### WHAT YOU NEED TO DO
Only the lines below, from the one with "line L9 (-16.7161, -48.4208)" through the one with "line L13 (1.4128, 46.2818)", are to be written out, exactly.
•••
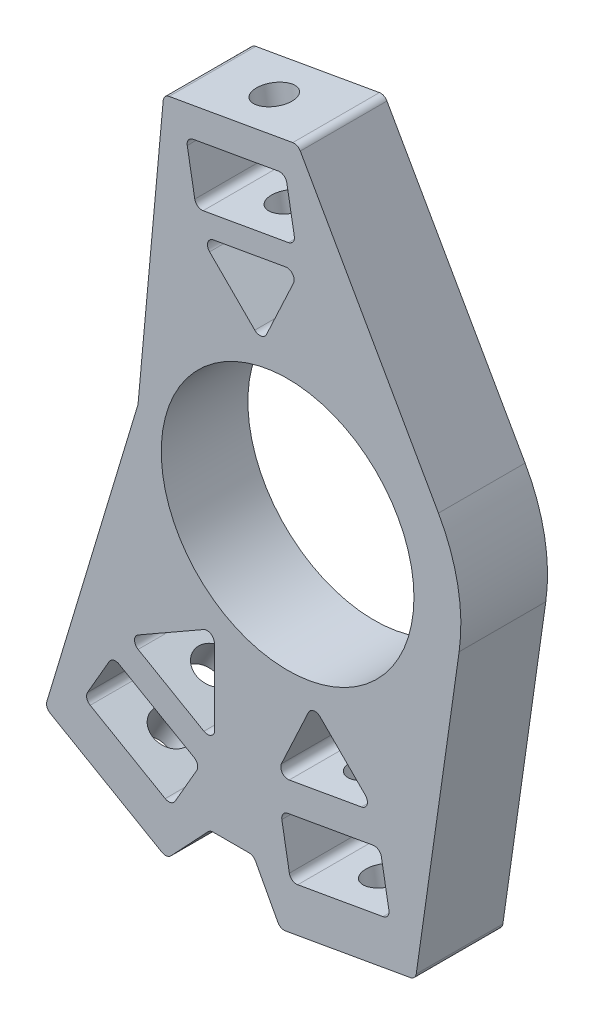
SolidWorks part; units mm, degrees
ref_plane "Front Plane" through (0, 0, 0) normal (0, 0, 1) x (1, 0, 0)
ref_plane "Top Plane" through (0, 0, 0) normal (0, 1, 0) x (1, 0, 0)
ref_plane "Right Plane" through (0, 0, 0) normal (1, 0, 0) x (0, 0, -1)
sketch "Sketch1" plane through (0, 0, 0) normal (0, 0, 1) x (1, 0, 0)
  circle A0 centre (0, 0) radius 57.5 construction
  dimension "D1" = 115
sketch "Sketch2" plane through (0, 0, 0) normal (0, 0, 1) x (1, 0, 0)
  line L0 (0, 0) -> (-81.4302, 0) construction
  line L1 (0, 0) -> (-7.2932, 41.3619) construction
  line L2 (0, 0) -> (7.8142, -44.3163) construction
  line L3 (0, 0) -> (-24, -41.5692) construction
  line L4 (1.4128, 46.2818) -> (20.8945, 11.8077)
  line L5 (-17.1569, 43.0074) -> (-20.9128, 1.9113)
  line L6 (23.759, -3.3925) -> (17.7138, -45.7299)
  line L7 (-21.1659, -11.314) -> (-1.0049, -49.0305)
  line L8 (-20.1088, 6.0528) -> (-33.5756, -38.6869)
  line L9 (-16.7161, -48.4208) -> (15.2963, -14.3883)
  line L10 (0, 0) -> (8.2822, -30.9096) construction
  line L11 (17.7138, -45.7299) -> (-1.0049, -49.0305)
  line L12 (-16.7161, -48.4208) -> (-33.5756, -38.6869)
  line L13 (1.4128, 46.2818) -> (-17.1569, 43.0074)
  line L14 (-10.7316, -42.0587) -> (-4.7316, -42.0587)
  circle A0 centre (0, 0) radius 21
  circle A1 centre (-7.2932, 41.3619) radius 6 construction
  circle A2 centre (7.8142, -44.3163) radius 6 construction
  circle A5 centre (7.8142, -44.3163) radius 10 construction
  circle A7 centre (-7.2932, 41.3619) radius 10 construction
  circle A8 centre (8.2822, -30.9096) radius 6 construction
  circle A9 centre (-24, -41.5692) radius 10 construction
  circle A10 centre (0, 0) radius 17.5
  circle A11 centre (0, 0) radius 24
  dimension "D1" = 42
  dimension "D2" = 80
  dimension "D3" = 12
  dimension "D7" = 12
  dimension "D8" = 12
  dimension "D11" = 48
  dimension "D12" = 48
  dimension "D13" = 20
  dimension "D14" = 6
  dimension "D15" = 20
  dimension "D17" = 20
  dimension "D18" = 35
  dimension "D4" = 42
  dimension "D5" = 45
  dimension "D6" = 100
  dimension "D9" = 75
  dimension "D10" = 60
  dimension "D16" = 32
  dimension "D19" = 90
extrude "Boss-Extrude1" add sketch "Sketch2" along normal blind 12 contours A7 A1 | A1 | A5 A8 | A2 | A8 A5 A2 | A5 A8 | A11 L4 L13 L5 | A11 L5 L8 A0 L9 | A10 | A0 A10 | L8 A11 L9 A0 L5 | A0 L8 L5 | A11 L8 L12 L9 L7 | A11 L7 L9 | A11 L9 L7 L11 L6 | L9 L14 L7 region at (-4.5656, 31.7303, 0) region at (22.5843, 5.9399, 0) region at (9.4394, -33.8152, 0) region at (-20.6361, 4.0064, 0) region at (-20.864, 2.9713, 0) region at (-20.8738, -30.9766, 0) region at (-6.3625, -27.2158, 0) region at (-20.032, 3.8891, 0) region at (-7.4563, -40.703, 0) region at (0, 0, 0)
extrude "Cut-Extrude1" cut sketch "Sketch2<5>" along normal through all contours A10 region at (0, 0, 0)
sketch "Sketch2<5>" plane through (0, 0, 0) normal (0, 0, 1) x (1, 0, 0) same geometry as "Sketch2"
sketch "Sketch4" plane through (0, 0, 0) normal (0, 0, -1) x (-1, 0, 0)
  line L0 (-1.4128, 46.2818) -> (17.1569, 43.0074)
  line L1 (17.1569, 43.0074) -> (20.7199, 4.0226)
  line L2 (20.7199, 4.0226) -> (33.5756, -38.6869)
  line L3 (33.5756, -38.6869) -> (16.7161, -48.4208)
  line L4 (16.7161, -48.4208) -> (10.7316, -42.0587)
  line L5 (10.7316, -42.0587) -> (4.7316, -42.0587)
  line L6 (4.7316, -42.0587) -> (1.0049, -49.0305)
  line L7 (1.0049, -49.0305) -> (-17.7138, -45.7299)
  line L8 (-17.7138, -45.7299) -> (-23.759, -3.3925)
  line L9 (-1.4128, 46.2818) -> (-20.8945, 11.8077)
  line L10 (0, 0) -> (25.1458, -43.5539) construction
  line L11 (0, 0) -> (-8.3544, -47.3802) construction
  line L12 (0, 0) -> (7.8721, 44.6446) construction
  line L13 (27.342, -35.3577) -> (16.9497, -41.3577)
  line L14 (27.708, -33.9917) -> (24.708, -28.7955)
  line L15 (15.5837, -40.9917) -> (12.5837, -35.7955)
  line L16 (23.342, -28.4295) -> (12.9497, -34.4295)
  line L17 (28.208, -34.8577) -> (12.0837, -34.9295) construction
  line L18 (16.0837, -41.8577) -> (24.208, -27.9295) construction
  line L19 (24.208, -27.9295) -> (22.208, -24.4654) construction
  line L20 (12.0837, -34.9295) -> (10.0837, -31.4654) construction
  line L21 (20.7002, -25.3359) -> (11.5914, -30.5949)
  line L22 (10.0914, -29.7244) -> (10.1382, -19.2874)
  line L23 (11.6343, -18.4236) -> (20.6963, -23.6016)
  line L24 (-1.4037, -42.5132) -> (-13.2214, -40.4295)
  line L25 (-0.2452, -41.7021) -> (0.7967, -35.7932)
  line L26 (-14.0325, -39.271) -> (-12.9906, -33.3622)
  line L27 (-0.0145, -34.6348) -> (-11.8322, -32.551)
  line L28 (-0.4189, -42.6869) -> (-12.817, -32.3773) construction
  line L29 (-14.2062, -40.2558) -> (0.9703, -34.8084) construction
  line L30 (-12.817, -32.3773) -> (-12.1224, -28.4381) construction
  line L31 (0.9703, -34.8084) -> (1.6649, -30.8692) construction
  line L32 (-10.2309, -28.7716) -> (-0.2266, -30.5357)
  line L33 (0.8535, -29.1284) -> (-2.8887, -21.1004)
  line L34 (-4.5023, -20.8159) -> (-10.7645, -27.0798)
  line L35 (11.6971, 31.785) -> (-0.1206, 33.8688)
  line L36 (12.8556, 32.5962) -> (13.8975, 38.505)
  line L37 (-0.9317, 35.0273) -> (0.1102, 40.9361)
  line L38 (13.0863, 39.6635) -> (1.2686, 41.7473)
  line L39 (12.6819, 31.6114) -> (0.2838, 41.9209) construction
  line L40 (-1.1054, 34.0425) -> (14.0711, 39.4898) construction
  line L41 (-1.1054, 34.0425) -> (-1.6263, 31.088) construction
  line L42 (12.6819, 31.6114) -> (12.161, 28.657) construction
  line L43 (-0.8149, 29.3472) -> (2.9273, 21.3192)
  line L44 (4.5409, 21.0347) -> (10.8031, 27.2987)
  line L45 (10.2695, 28.9905) -> (0.2652, 30.7545)
  arc A0 (-20.8945, 11.8077) -> (-23.759, -3.3925) centre (0, 0) ccw
  arc A1 (-20.8945, 11.8077) -> (-23.759, -3.3925) centre (0, 0) ccw construction
  arc A2 (-0.1206, 33.8688) -> (-0.9317, 35.0273) centre (0.0531, 34.8536) cw
  arc A3 (20.7002, -25.3359) -> (20.6963, -23.6016) centre (20.2002, -24.4699) ccw
  arc A4 (11.5914, -30.5949) -> (10.0914, -29.7244) centre (11.0914, -29.7289) cw
  arc A5 (10.1382, -19.2874) -> (11.6343, -18.4236) centre (11.1382, -19.2918) cw
  arc A6 (23.342, -28.4295) -> (24.708, -28.7955) centre (23.842, -29.2955) cw
  arc A7 (27.708, -33.9917) -> (27.342, -35.3577) centre (26.842, -34.4917) cw
  arc A8 (15.5837, -40.9917) -> (16.9497, -41.3577) centre (16.4497, -40.4917) ccw
  arc A9 (12.5837, -35.7955) -> (12.9497, -34.4295) centre (13.4497, -35.2955) cw
  arc A10 (0.1102, 40.9361) -> (1.2686, 41.7473) centre (1.095, 40.7625) cw
  arc A11 (13.8975, 38.505) -> (13.0863, 39.6635) centre (12.9127, 38.6787) ccw
  arc A12 (12.8556, 32.5962) -> (11.6971, 31.785) centre (11.8708, 32.7698) cw
  arc A13 (10.8031, 27.2987) -> (10.2695, 28.9905) centre (10.0959, 28.0057) ccw
  arc A14 (-0.8149, 29.3472) -> (0.2652, 30.7545) centre (0.0915, 29.7697) cw
  arc A15 (2.9273, 21.3192) -> (4.5409, 21.0347) centre (3.8337, 21.7417) ccw
  arc A16 (-0.0145, -34.6348) -> (0.7967, -35.7932) centre (-0.1881, -35.6196) cw
  arc A17 (-0.2452, -41.7021) -> (-1.4037, -42.5132) centre (-1.23, -41.5284) cw
  arc A18 (-13.2214, -40.4295) -> (-14.0325, -39.271) centre (-13.0477, -39.4447) cw
  arc A19 (-12.9906, -33.3622) -> (-11.8322, -32.551) centre (-12.0058, -33.5358) cw
  arc A20 (-4.5023, -20.8159) -> (-2.8887, -21.1004) centre (-3.7951, -21.5229) cw
  arc A21 (-0.2266, -30.5357) -> (0.8535, -29.1284) centre (-0.0529, -29.5509) ccw
  arc A22 (-10.2309, -28.7716) -> (-10.7645, -27.0798) centre (-10.0573, -27.7868) cw
  point P28 (20.1458, -34.8936)
  point P46 (10.1458, -17.5731)
  point P60 (-6.6179, -37.5321)
  point P64 (6.4829, 36.7662)
  point P95 (3.5308, 20.0244)
  point P110 (-3.4923, -19.8056)
  dimension "D1" = 6
  dimension "D6" = 1
  dimension "D7" = 1
  dimension "D11" = 4
  dimension "D13" = 14
  dimension "D18" = 1
  dimension "D19" = 1
  dimension "D2" = 8
  dimension "D3" = 14
  dimension "D4" = 4
  dimension "D5" = 12
  dimension "D8" = 14
  dimension "D9" = 8
  dimension "D10" = 6
  dimension "D12" = 10
  dimension "D14" = 8
  dimension "D15" = 4
  dimension "D16" = 3
  dimension "D17" = 10
extrude "Cut-Extrude2" cut sketch "Sketch4" against normal through all contours A9 L15 A8 L13 A7 L14 A6 L16 | A22 L32 A21 L33 A20 L34 | A19 L26 A18 L24 A17 L25 A16 L27 | L43 A15 L44 A13 L45 A14 | A12 L36 A11 L38 A10 L37 A2 L35 | L23 A3 L21 A4 L22 A5 region at (-20.1458, -34.8936, 0) region at (6.6179, -37.5321, 0) region at (4.6448, -26.3417, 0) region at (-6.4829, 36.7662, 0) region at (-4.6833, 26.5605, 0)
fillet "Fillet2" radius 1 8 edges at (17.7138, -45.7299, 6) (-1.0049, -49.0305, 6) (-10.7316, -42.0587, 6) (-4.7316, -42.0587, 6) (-16.7161, -48.4208, 6) (-33.5756, -38.6869, 6) (-17.1569, 43.0074, 6) (1.4128, 46.2818, 6)
sketch "Sketch5" plane through (8.3544, -47.3802, 0) normal (0.1736, -0.9848, 0) x (0.9848, 0.1736, 0)
  line L0 (-8.7789, 12) -> (8.7789, 0) construction
  line L1 (8.7789, 12) -> (-8.7789, 0) construction
  circle A0 centre (0, 6) radius 2.5
  dimension "D1" = 5
extrude "Cut-Extrude3" cut sketch "Sketch5" against normal blind 20
sketch "Sketch6" plane through (-25.1458, -43.5539, 0) normal (-0.5, -0.866, 0) x (0.866, -0.5, 0)
  line L0 (-8.942, 12) -> (8.942, 0) construction
  circle A0 centre (0, 6) radius 2.5
  dimension "D1" = 5
extrude "Cut-Extrude4" cut sketch "Sketch6" against normal blind 20
sketch "Sketch7" plane through (-7.8721, 44.6446, 0) normal (-0.1736, 0.9848, 0) x (0.9848, 0.1736, 0)
  line L0 (-8.6638, 0) -> (8.721, -12)
  circle A0 centre (0.0286, -6) radius 2.5
  dimension "D1" = 5
extrude "Cut-Extrude5" cut sketch "Sketch7" against normal blind 20 contours L0 A0 | L0 A0 region at (-7.2503, 44.7542, 5.1268) region at (-8.4375, 44.5449, 6.8732)
•••
### EXERCISE SOLUTION
  line L9 (-16.7161, -48.4208) -> (15.2963, -14.3883)
  line L10 (0, 0) -> (8.2822, -30.9096) construction
  line L11 (17.7138, -45.7299) -> (-1.0049, -49.0305)
  line L12 (-16.7161, -48.4208) -> (-33.5756, -38.6869)
  line L13 (1.4128, 46.2818) -> (-17.1569, 43.0074)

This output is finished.